■ **DIRECTIONS FOR THIS TASK**
Reproduce only the top of the records, down to and including the line containing "telescope0 = 0".

■ **RECORDS**
● ● ● ●
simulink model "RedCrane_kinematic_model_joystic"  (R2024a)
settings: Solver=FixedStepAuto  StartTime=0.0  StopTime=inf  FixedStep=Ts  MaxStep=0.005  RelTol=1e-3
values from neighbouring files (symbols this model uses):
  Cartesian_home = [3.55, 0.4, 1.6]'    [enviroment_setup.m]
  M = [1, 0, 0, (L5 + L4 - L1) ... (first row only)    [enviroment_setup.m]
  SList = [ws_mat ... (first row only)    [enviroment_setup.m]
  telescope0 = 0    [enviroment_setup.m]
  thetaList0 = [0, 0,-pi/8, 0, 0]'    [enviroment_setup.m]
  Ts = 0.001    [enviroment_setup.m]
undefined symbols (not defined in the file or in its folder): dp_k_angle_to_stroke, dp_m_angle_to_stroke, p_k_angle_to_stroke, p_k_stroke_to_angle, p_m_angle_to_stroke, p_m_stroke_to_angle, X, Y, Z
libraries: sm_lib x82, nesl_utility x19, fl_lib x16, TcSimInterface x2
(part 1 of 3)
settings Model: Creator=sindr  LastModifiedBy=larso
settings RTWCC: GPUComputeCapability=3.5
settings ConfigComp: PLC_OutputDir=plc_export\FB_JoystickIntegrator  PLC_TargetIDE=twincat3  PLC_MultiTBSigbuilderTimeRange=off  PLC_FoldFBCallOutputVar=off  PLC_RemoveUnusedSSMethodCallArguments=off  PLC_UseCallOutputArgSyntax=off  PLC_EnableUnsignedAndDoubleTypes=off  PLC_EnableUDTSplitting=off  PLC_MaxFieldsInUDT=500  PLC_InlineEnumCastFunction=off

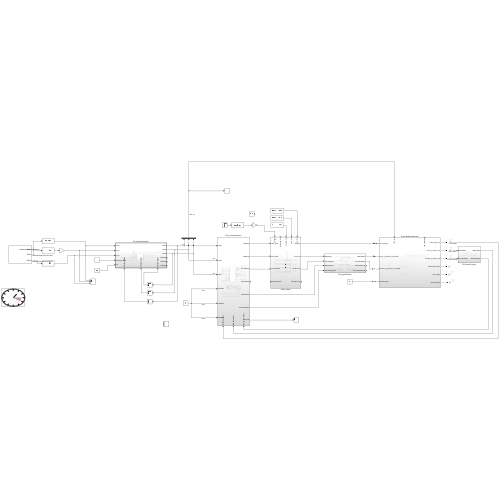
[thumbnail: Simulink's stored preview of the top-level diagram]
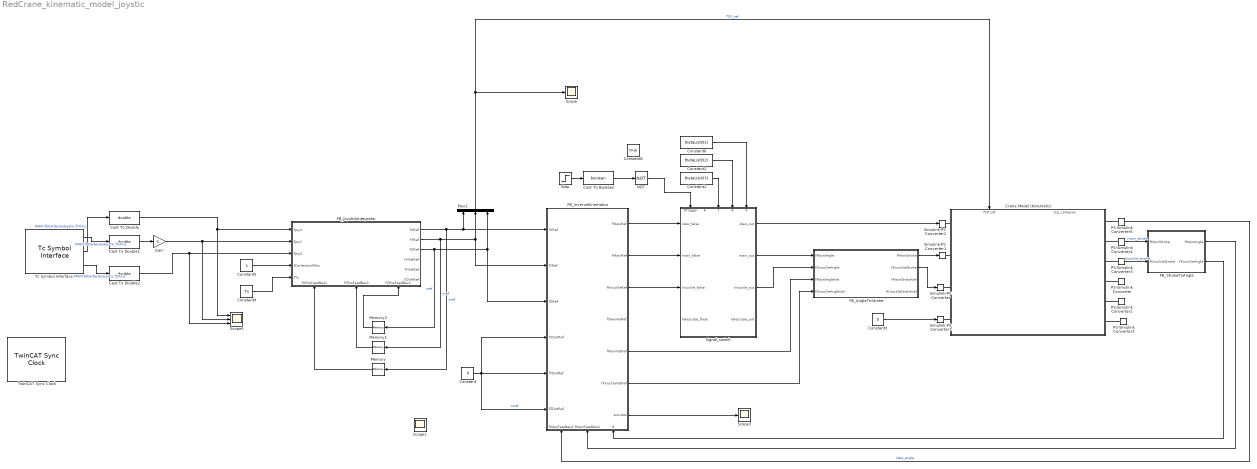
== system RedCrane_kinematic_model_joystic ==
  Cast To Boolean : DataTypeConversion  OutDataTypeStr=boolean  SaturateOnIntegerOverflow=off  RndMeth=Floor
  Cast To Double : DataTypeConversion  OutDataTypeStr=double  SaturateOnIntegerOverflow=off  RndMeth=Floor
  Cast To Double1 : DataTypeConversion  OutDataTypeStr=double  SaturateOnIntegerOverflow=off  RndMeth=Floor
  Cast To Double2 : DataTypeConversion  OutDataTypeStr=double  SaturateOnIntegerOverflow=off  RndMeth=Floor
  Constant : Constant  Value=0
  Constant1 : Constant  Value=thetaList0(3)
  Constant2 : Constant  Value=thetaList0(2)
  Constant3 : Constant  Value=0
  Constant4 : Constant  Value=Ts
  Constant5 : Constant
  Constant6 : Constant  Value=thetaList0(1)
  Constant8 : Constant  Value=true
  Crane Model (Kinematic) : Subsystem
      settings: PortSchema="{\"entries\":[{\"content\":{\"sides\":[{\"content\":{\"connectorIds\":[\"LConn1\",\"LConn2\",\"LConn3\",\"LConn4\"]},\"type\":\"ConnectorPlacement.EquallySpacedRectSide\",\"uuid\":\"4a665765-5f1a-426d-91c2-f3af20fe3627\"},{\"content\":{\"connectorIds\":[\"RConn1\",\"RConn2\",\"RConn3\",\"RConn4\",\"RConn5\",\"RConn6\"],\"side\":\"RIGHT\"},\"type\":\"ConnectorPlacement.EquallySpacedRectSide\",\"uuid\":\"cf43645c-9a50-4bc9-b355-f38e72b1430d\"},{\"content\":{\"connectorIds\":[\"In1\",\"Out1\"],\"side\":\"TOP\"},\"type\":\"ConnectorPlacement.EquallySpacedRectSide\",\"uuid\":\"253dbb23-7a12-4bfe-bf07-7d8403188f09\"}]},\"type\":\"ConnectorPlacement.EquallySpacedConnector\",\"uuid\":\"5ffb1dcc-76b9-4b5c-ba8f-4653fe2f07c9\"}],\"packageUris\":[\"http://schema.mathworks.com/mf0/Connector/R2020b\"],\"version\":\"1.0\"}"
  FB_AngleToStroke : Subsystem
  FB_InverceKinematics : Subsystem
      settings: PortSchema="{\"entries\":[{\"content\":{\"sides\":[{\"content\":{\"connectorIds\":[\"In1\",\"In2\",\"In3\",\"In4\",\"In5\",\"In6\"]},\"type\":\"ConnectorPlacement.EquallySpacedRectSide\",\"uuid\":\"b7f3f39a-cc1b-4519-b948-004466b4d293\"},{\"content\":{\"connectorIds\":[\"Out1\",\"Out2\",\"Out3\",\"Out4\",\"Out5\",\"Out6\",\"Out7\"],\"side\":\"RIGHT\"},\"type\":\"ConnectorPlacement.EquallySpacedRectSide\",\"uuid\":\"cf571c2f-2cc7-4d1d-bbc1-a75d80a0878e\"},{\"content\":{\"side\":\"TOP\"},\"type\":\"ConnectorPlacement.EquallySpacedRectSide\",\"uuid\":\"3f697bd9-7750-4474-8da5-1be48ba53c7e\"},{\"content\":{\"connectorIds\":[\"In7\",\"In8\",\"In9\"],\"side\":\"BOTTOM\"},\"type\":\"ConnectorPlacement.EquallySpacedRectSide\",\"uuid\":\"03fa0a4e-eedb-4a48-8076-446c86a2b4f7\"}]},\"type\":\"ConnectorPlacement.EquallySpacedConnector\",\"uuid\":\"6732c767-80e6-425f-b878-60bd961dd78b\"}],\"packageUris\":[\"http://schema.mathworks.com/mf0/Connector/R2020b\"],\"version\":\"1.0\"}"
  FB_JoystickIntegrator : Subsystem  TreatAsAtomicUnit=on
      settings: PortSchema="{\"entries\":[{\"content\":{\"sides\":[{\"content\":{\"connectorIds\":[\"In1\",\"In2\",\"In3\",\"In4\",\"In5\"]},\"type\":\"ConnectorPlacement.EquallySpacedRectSide\",\"uuid\":\"c5a43198-5d69-4109-b42d-a486a01365c9\"},{\"content\":{\"connectorIds\":[\"Out1\",\"Out2\",\"Out3\",\"Out4\",\"Out5\",\"Out6\"],\"side\":\"RIGHT\"},\"type\":\"ConnectorPlacement.EquallySpacedRectSide\",\"uuid\":\"946526c4-79a3-48b0-aa19-78137d37b9af\"},{\"content\":{\"side\":\"TOP\"},\"type\":\"ConnectorPlacement.EquallySpacedRectSide\",\"uuid\":\"3e7a8b0e-fb34-4723-a326-d25029c5eff4\"},{\"content\":{\"connectorIds\":[\"In6\",\"In7\",\"In8\"],\"side\":\"BOTTOM\"},\"type\":\"ConnectorPlacement.EquallySpacedRectSide\",\"uuid\":\"08712ddf-52dd-443f-9387-c4c8877ba279\"}]},\"type\":\"ConnectorPlacement.EquallySpacedConnector\",\"uuid\":\"e430af44-ed31-458a-a857-840c080c5723\"}],\"packageUris\":[\"http://schema.mathworks.com/mf0/Connector/R2020b\"],\"version\":\"1.0\"}"
  FB_StrokeToAngle : Subsystem
  Gain : Gain  Gain=-1
  Memory : Memory  InitialCondition=Cartesian_home(1)-0.5
  Memory1 : Memory  InitialCondition=Cartesian_home(2)
  Memory2 : Memory  InitialCondition=Cartesian_home(3)
  Mux2 : Mux  Inputs=3
  NOT : Logic  Operator=NOT  IconShape=distinctive  AllPortsSameDT=off  OutDataTypeStr=boolean
  PS-Simulink Converter{,1..5} (6 alike) : nesl_utility/PS-Simulink Converter  PhysicalDomain=network_engine_domain  SubClassName=ps_output  LeftPortType=input  RightPortType=output  PseudoPeriodic=off  Frequencies=[]  VectorFormat=inherit  Unit=inherit  AffineConversion=off
  Scope : Scope
  Scope1 : Scope  NumInputPorts=3
  Scope3 : Scope
  Scope5 : Scope  NumInputPorts=3
  Signal_switch : Subsystem
      settings: PortSchema="{\"entries\":[{\"content\":{\"sides\":[{\"content\":{\"connectorIds\":[\"In1\",\"In2\",\"In3\",\"In4\"]},\"type\":\"ConnectorPlacement.EquallySpacedRectSide\",\"uuid\":\"677999b9-dfe1-4592-affa-fb9b7d257ea0\"},{\"content\":{\"connectorIds\":[\"Out1\",\"Out2\",\"Out3\",\"Out4\"],\"side\":\"RIGHT\"},\"type\":\"ConnectorPlacement.EquallySpacedRectSide\",\"uuid\":\"3f36c443-9717-41bf-801d-3d95a9d66f59\"},{\"content\":{\"connectorIds\":[\"In5\",\"In6\",\"In7\",\"In8\",\"In9\"],\"side\":\"TOP\"},\"type\":\"ConnectorPlacement.EquallySpacedRectSide\",\"uuid\":\"b7ea9b48-8dcd-4abb-ae26-aa1832701a6a\"}]},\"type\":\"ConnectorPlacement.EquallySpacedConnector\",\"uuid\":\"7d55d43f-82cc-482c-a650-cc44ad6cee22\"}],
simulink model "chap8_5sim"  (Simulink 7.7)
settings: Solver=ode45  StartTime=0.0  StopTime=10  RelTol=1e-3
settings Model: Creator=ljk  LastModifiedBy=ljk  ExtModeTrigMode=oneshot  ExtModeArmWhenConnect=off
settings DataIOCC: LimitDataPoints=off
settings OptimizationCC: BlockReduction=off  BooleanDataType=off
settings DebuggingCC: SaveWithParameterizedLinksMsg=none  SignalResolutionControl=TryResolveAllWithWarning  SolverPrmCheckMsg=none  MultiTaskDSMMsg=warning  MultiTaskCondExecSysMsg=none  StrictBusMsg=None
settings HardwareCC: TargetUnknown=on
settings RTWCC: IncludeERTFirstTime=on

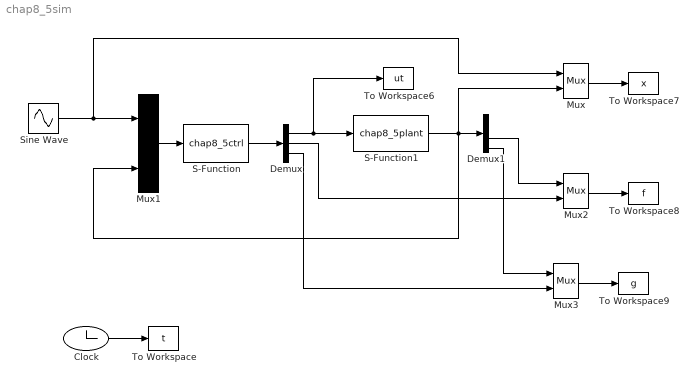
== system chap8_5sim ==
  Clock : Clock
  Demux : Demux  Outputs=3
  Demux1 : Demux
  Mux{,1..3} (4 alike) : Mux  Inputs=2
  S-Function : S-Function  FunctionName=chap8_5ctrl  EnableBusSupport=off
  S-Function1 : S-Function  FunctionName=chap8_5plant  EnableBusSupport=off
  Sine Wave : Sin  Amplitude=0.1  SampleTime=0
  To Workspace : ToWorkspace  VariableName=t  SampleTime=-1  SaveFormat=Array
  To Workspace6 : ToWorkspace  VariableName=ut  SampleTime=-1  SaveFormat=Array
  To Workspace7 : ToWorkspace  VariableName=x  SampleTime=-1  SaveFormat=Array
  To Workspace8 : ToWorkspace  VariableName=f  SampleTime=-1  SaveFormat=Array
  To Workspace9 : ToWorkspace  VariableName=g  SampleTime=-1  SaveFormat=Array
  wires:
  Mux1/1 -> S-Function/1
  S-Function/1 -> Demux/1
  S-Function1/1 -> Demux1/1, Mux/2, Mux1/2
  Sine Wave/1 -> Mux/1, Mux1/1
  Demux/3 -> Mux3/2
  Demux/2 -> Mux2/2
  Demux/1 -> To Workspace6/1, S-Function1/1
  Mux/1 -> To Workspace7/1
  Clock/1 -> To Workspace/1
  Mux2/1 -> To Workspace8/1
  Mux3/1 -> To Workspace9/1
  Demux1/3 -> Mux2/1
  Demux1/4 -> Mux3/1
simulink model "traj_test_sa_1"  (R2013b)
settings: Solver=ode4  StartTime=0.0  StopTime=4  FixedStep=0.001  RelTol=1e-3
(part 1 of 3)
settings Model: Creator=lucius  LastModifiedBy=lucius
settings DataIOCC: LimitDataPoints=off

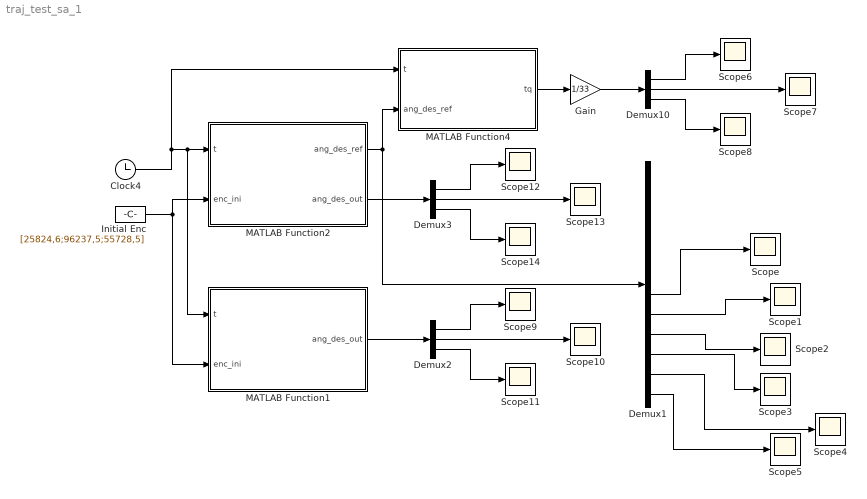
== system traj_test_sa_1 ==
  Clock4 : Clock
  Demux1 : Demux  Outputs=12
  Demux10 : Demux  Outputs=3
  Demux2 : Demux  Outputs=3
  Demux3 : Demux  Outputs=3
  Gain : Gain  Gain=1/33
  Initial Enc : Constant  Value=[25824,6;96237,5;55728,5]
  MATLAB Function1 : MATLAB Function  TreatAsAtomicUnit=on
  MATLAB Function2 : MATLAB Function  TreatAsAtomicUnit=on
  MATLAB Function4 : MATLAB Function  TreatAsAtomicUnit=on
  Scope{,1..14} (15 alike) : Scope
      Scope10 settings: SaveName=ScopeData9
      Scope11 settings: SaveName=ScopeData10
      Scope12 settings: SaveName=ScopeData12
      Scope13 settings: SaveName=ScopeData13
      Scope14 settings: SaveName=ScopeData14
      Scope2 settings: SaveName=ScopeData2
      Scope3 settings: SaveName=ScopeData3
      Scope4 settings: SaveName=ScopeData4
      Scope5 settings: SaveName=ScopeData5
      Scope6 settings: SaveName=ScopeData6
      Scope7 settings: SaveName=ScopeData7
      Scope8 settings: SaveName=ScopeData8
      Scope9 settings: SaveName=ScopeData11
  wires:
  Initial Enc/1 -> MATLAB Function2/2(enc_ini), MATLAB Function1/2(enc_ini)
  MATLAB Function2/1(ang_des_ref) -> Demux1/1, MATLAB Function4/2(ang_des_ref)
  Demux10/1 -> Scope6/1
  Demux10/2 -> Scope7/1
  Demux10/3 -> Scope8/1
  Gain/1 -> Demux10/1
  MATLAB Function4/1(tq) -> Gain/1
  Demux1/12 -> Scope5/1
  Demux1/11 -> Scope4/1
  Demux1/10 -> Scope3/1
  Demux1/7 -> Scope/1
  Demux1/8 -> Scope1/1
  Demux1/9 -> Scope2/1
  Clock4/1 -> MATLAB Function4/1(t), MATLAB Function1/1(t), MATLAB Function2/1(t)
  Demux2/1 -> Scope9/1
  Demux2/2 -> Scope10/1
  Demux2/3 -> Scope11/1
  MATLAB Function1/1(ang_des_out) -> Demux2/1
  Demux3/1 -> Scope12/1
  Demux3/2 -> Scope13/1
  Demux3/3 -> Scope14/1
  MATLAB Function2/2(ang_des_out) -> Demux3/1
● ● ● ●
■ **SOLUTION**
simulink model "RedCrane_kinematic_model_joystic"  (R2024a)
settings: Solver=FixedStepAuto  StartTime=0.0  StopTime=inf  FixedStep=Ts  MaxStep=0.005  RelTol=1e-3
values from neighbouring files (symbols this model uses):
  Cartesian_home = [3.55, 0.4, 1.6]'    [enviroment_setup.m]
  M = [1, 0, 0, (L5 + L4 - L1) ... (first row only)    [enviroment_setup.m]
  SList = [ws_mat ... (first row only)    [enviroment_setup.m]
  telescope0 = 0    [enviroment_setup.m]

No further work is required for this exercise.